* Your objective *
Your copy of the data should match it exactly, leaving out only the pictures.

* Extracted data *

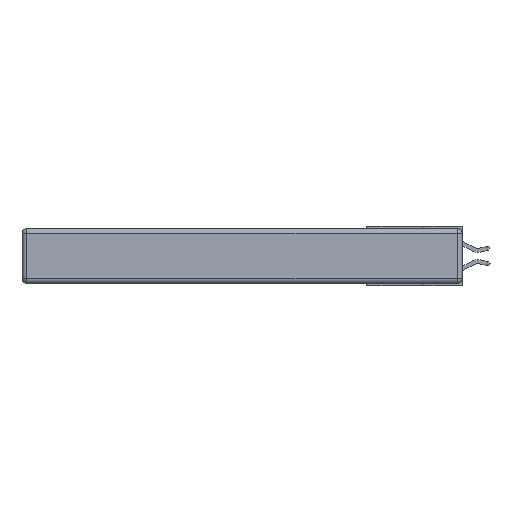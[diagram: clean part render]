
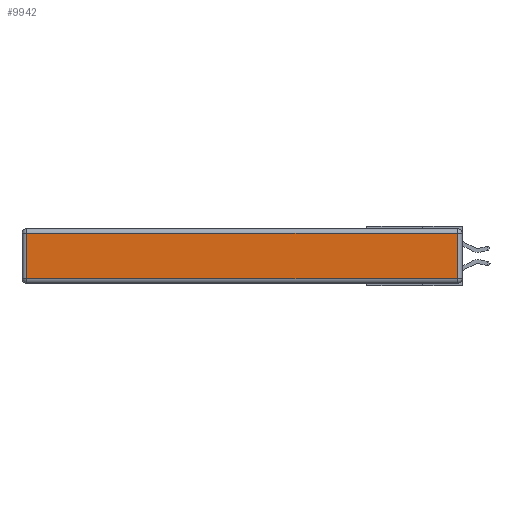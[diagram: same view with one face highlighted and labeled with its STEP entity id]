
A CAD part, left-side view. The second image highlights one B-rep face of the part: STEP entity #9942.
In plain terms, the highlighted planar face has unit normal (-1, 0, 0).
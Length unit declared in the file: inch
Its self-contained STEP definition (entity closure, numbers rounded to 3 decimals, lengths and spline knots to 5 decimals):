
#433 = LINE ( 'NONE', #5307, #8531 ) ;
#452 = CARTESIAN_POINT ( 'NONE',  ( 0., 0.03, -0.313 ) ) ;
#558 = ORIENTED_EDGE ( 'NONE', *, *, #14017, .T. ) ;
#1889 = CARTESIAN_POINT ( 'NONE',  ( 0., 2.72, -0.343 ) ) ;
#2917 = DIRECTION ( 'NONE',  ( 0., -1., 0. ) ) ;
#3006 = CARTESIAN_POINT ( 'NONE',  ( 0., 0., -0.343 ) ) ;
#3223 = AXIS2_PLACEMENT_3D ( 'NONE', #3006, #8328, #9426 ) ;
#3367 = VECTOR ( 'NONE', #7672, 39.37008 ) ;
#3528 = VECTOR ( 'NONE', #5173, 39.37008 ) ;
#4064 = CARTESIAN_POINT ( 'NONE',  ( 0., 2.75, -0.03 ) ) ;
#4133 = DIRECTION ( 'NONE',  ( 0., 0., -1. ) ) ;
#4718 = EDGE_LOOP ( 'NONE', ( #8939, #13750, #10568, #558 ) ) ;
#5145 = CARTESIAN_POINT ( 'NONE',  ( 0., 2.72, -0.313 ) ) ;
#5173 = DIRECTION ( 'NONE',  ( 0., 1., 0. ) ) ;
#5307 = CARTESIAN_POINT ( 'NONE',  ( 0., 0., -0.313 ) ) ;
#5699 = FACE_OUTER_BOUND ( 'NONE', #4718, .T. ) ;
#7045 = VERTEX_POINT ( 'NONE', #452 ) ;
#7672 = DIRECTION ( 'NONE',  ( 0., 0., 1. ) ) ;
#8328 = DIRECTION ( 'NONE',  ( -1., 0., 0. ) ) ;
#8531 = VECTOR ( 'NONE', #2917, 39.37008 ) ;
#8939 = ORIENTED_EDGE ( 'NONE', *, *, #13679, .T. ) ;
#9389 = LINE ( 'NONE', #4064, #3528 ) ;
#9426 = DIRECTION ( 'NONE',  ( 0., 0., 1. ) ) ;
#9509 = VERTEX_POINT ( 'NONE', #11895 ) ;
#9569 = PLANE ( 'NONE',  #3223 ) ;
#9942 = ADVANCED_FACE ( 'NONE', ( #5699 ), #9569, .T. ) ;
#10068 = CARTESIAN_POINT ( 'NONE',  ( 0., 0.03, -0.343 ) ) ;
#10395 = VECTOR ( 'NONE', #4133, 39.37008 ) ;
#10560 = VERTEX_POINT ( 'NONE', #5145 ) ;
#10568 = ORIENTED_EDGE ( 'NONE', *, *, #12486, .T. ) ;
#11125 = LINE ( 'NONE', #1889, #10395 ) ;
#11691 = CARTESIAN_POINT ( 'NONE',  ( 0., 2.72, -0.03 ) ) ;
#11895 = CARTESIAN_POINT ( 'NONE',  ( 0., 0.03, -0.03 ) ) ;
#12285 = EDGE_CURVE ( 'NONE', #7045, #9509, #12550, .T. ) ;
#12486 = EDGE_CURVE ( 'NONE', #9509, #12771, #9389, .T. ) ;
#12550 = LINE ( 'NONE', #10068, #3367 ) ;
#12771 = VERTEX_POINT ( 'NONE', #11691 ) ;
#13679 = EDGE_CURVE ( 'NONE', #10560, #7045, #433, .T. ) ;
#13750 = ORIENTED_EDGE ( 'NONE', *, *, #12285, .T. ) ;
#14017 = EDGE_CURVE ( 'NONE', #12771, #10560, #11125, .T. ) ;

* Answer area *
[diagram: clean part render]
[diagram: same view with one face highlighted and labeled with its STEP entity id]
A CAD part, left-side view. The second image highlights one B-rep face of the part: STEP entity #9942.
In plain terms, the highlighted planar face has unit normal (-1, 0, 0).
Length unit declared in the file: inch
Its self-contained STEP definition (entity closure, numbers rounded to 3 decimals, lengths and spline knots to 5 decimals):
#433 = LINE ( 'NONE', #5307, #8531 ) ;
#452 = CARTESIAN_POINT ( 'NONE',  ( 0., 0.03, -0.313 ) ) ;
#558 = ORIENTED_EDGE ( 'NONE', *, *, #14017, .T. ) ;
#1889 = CARTESIAN_POINT ( 'NONE',  ( 0., 2.72, -0.343 ) ) ;
#2917 = DIRECTION ( 'NONE',  ( 0., -1., 0. ) ) ;
#3006 = CARTESIAN_POINT ( 'NONE',  ( 0., 0., -0.343 ) ) ;
#3223 = AXIS2_PLACEMENT_3D ( 'NONE', #3006, #8328, #9426 ) ;
#3367 = VECTOR ( 'NONE', #7672, 39.37008 ) ;
#3528 = VECTOR ( 'NONE', #5173, 39.37008 ) ;
#4064 = CARTESIAN_POINT ( 'NONE',  ( 0., 2.75, -0.03 ) ) ;
#4133 = DIRECTION ( 'NONE',  ( 0., 0., -1. ) ) ;
#4718 = EDGE_LOOP ( 'NONE', ( #8939, #13750, #10568, #558 ) ) ;
#5145 = CARTESIAN_POINT ( 'NONE',  ( 0., 2.72, -0.313 ) ) ;
#5173 = DIRECTION ( 'NONE',  ( 0., 1., 0. ) ) ;
#5307 = CARTESIAN_POINT ( 'NONE',  ( 0., 0., -0.313 ) ) ;
#5699 = FACE_OUTER_BOUND ( 'NONE', #4718, .T. ) ;
#7045 = VERTEX_POINT ( 'NONE', #452 ) ;
#7672 = DIRECTION ( 'NONE',  ( 0., 0., 1. ) ) ;
#8328 = DIRECTION ( 'NONE',  ( -1., 0., 0. ) ) ;
#8531 = VECTOR ( 'NONE', #2917, 39.37008 ) ;
#8939 = ORIENTED_EDGE ( 'NONE', *, *, #13679, .T. ) ;
#9389 = LINE ( 'NONE', #4064, #3528 ) ;
#9426 = DIRECTION ( 'NONE',  ( 0., 0., 1. ) ) ;
#9509 = VERTEX_POINT ( 'NONE', #11895 ) ;
#9569 = PLANE ( 'NONE',  #3223 ) ;
#9942 = ADVANCED_FACE ( 'NONE', ( #5699 ), #9569, .T. ) ;
#10068 = CARTESIAN_POINT ( 'NONE',  ( 0., 0.03, -0.343 ) ) ;
#10395 = VECTOR ( 'NONE', #4133, 39.37008 ) ;
#10560 = VERTEX_POINT ( 'NONE', #5145 ) ;
#10568 = ORIENTED_EDGE ( 'NONE', *, *, #12486, .T. ) ;
#11125 = LINE ( 'NONE', #1889, #10395 ) ;
#11691 = CARTESIAN_POINT ( 'NONE',  ( 0., 2.72, -0.03 ) ) ;
#11895 = CARTESIAN_POINT ( 'NONE',  ( 0., 0.03, -0.03 ) ) ;
#12285 = EDGE_CURVE ( 'NONE', #7045, #9509, #12550, .T. ) ;
#12486 = EDGE_CURVE ( 'NONE', #9509, #12771, #9389, .T. ) ;
#12550 = LINE ( 'NONE', #10068, #3367 ) ;
#12771 = VERTEX_POINT ( 'NONE', #11691 ) ;
#13679 = EDGE_CURVE ( 'NONE', #10560, #7045, #433, .T. ) ;
#13750 = ORIENTED_EDGE ( 'NONE', *, *, #12285, .T. ) ;
#14017 = EDGE_CURVE ( 'NONE', #12771, #10560, #11125, .T. ) ;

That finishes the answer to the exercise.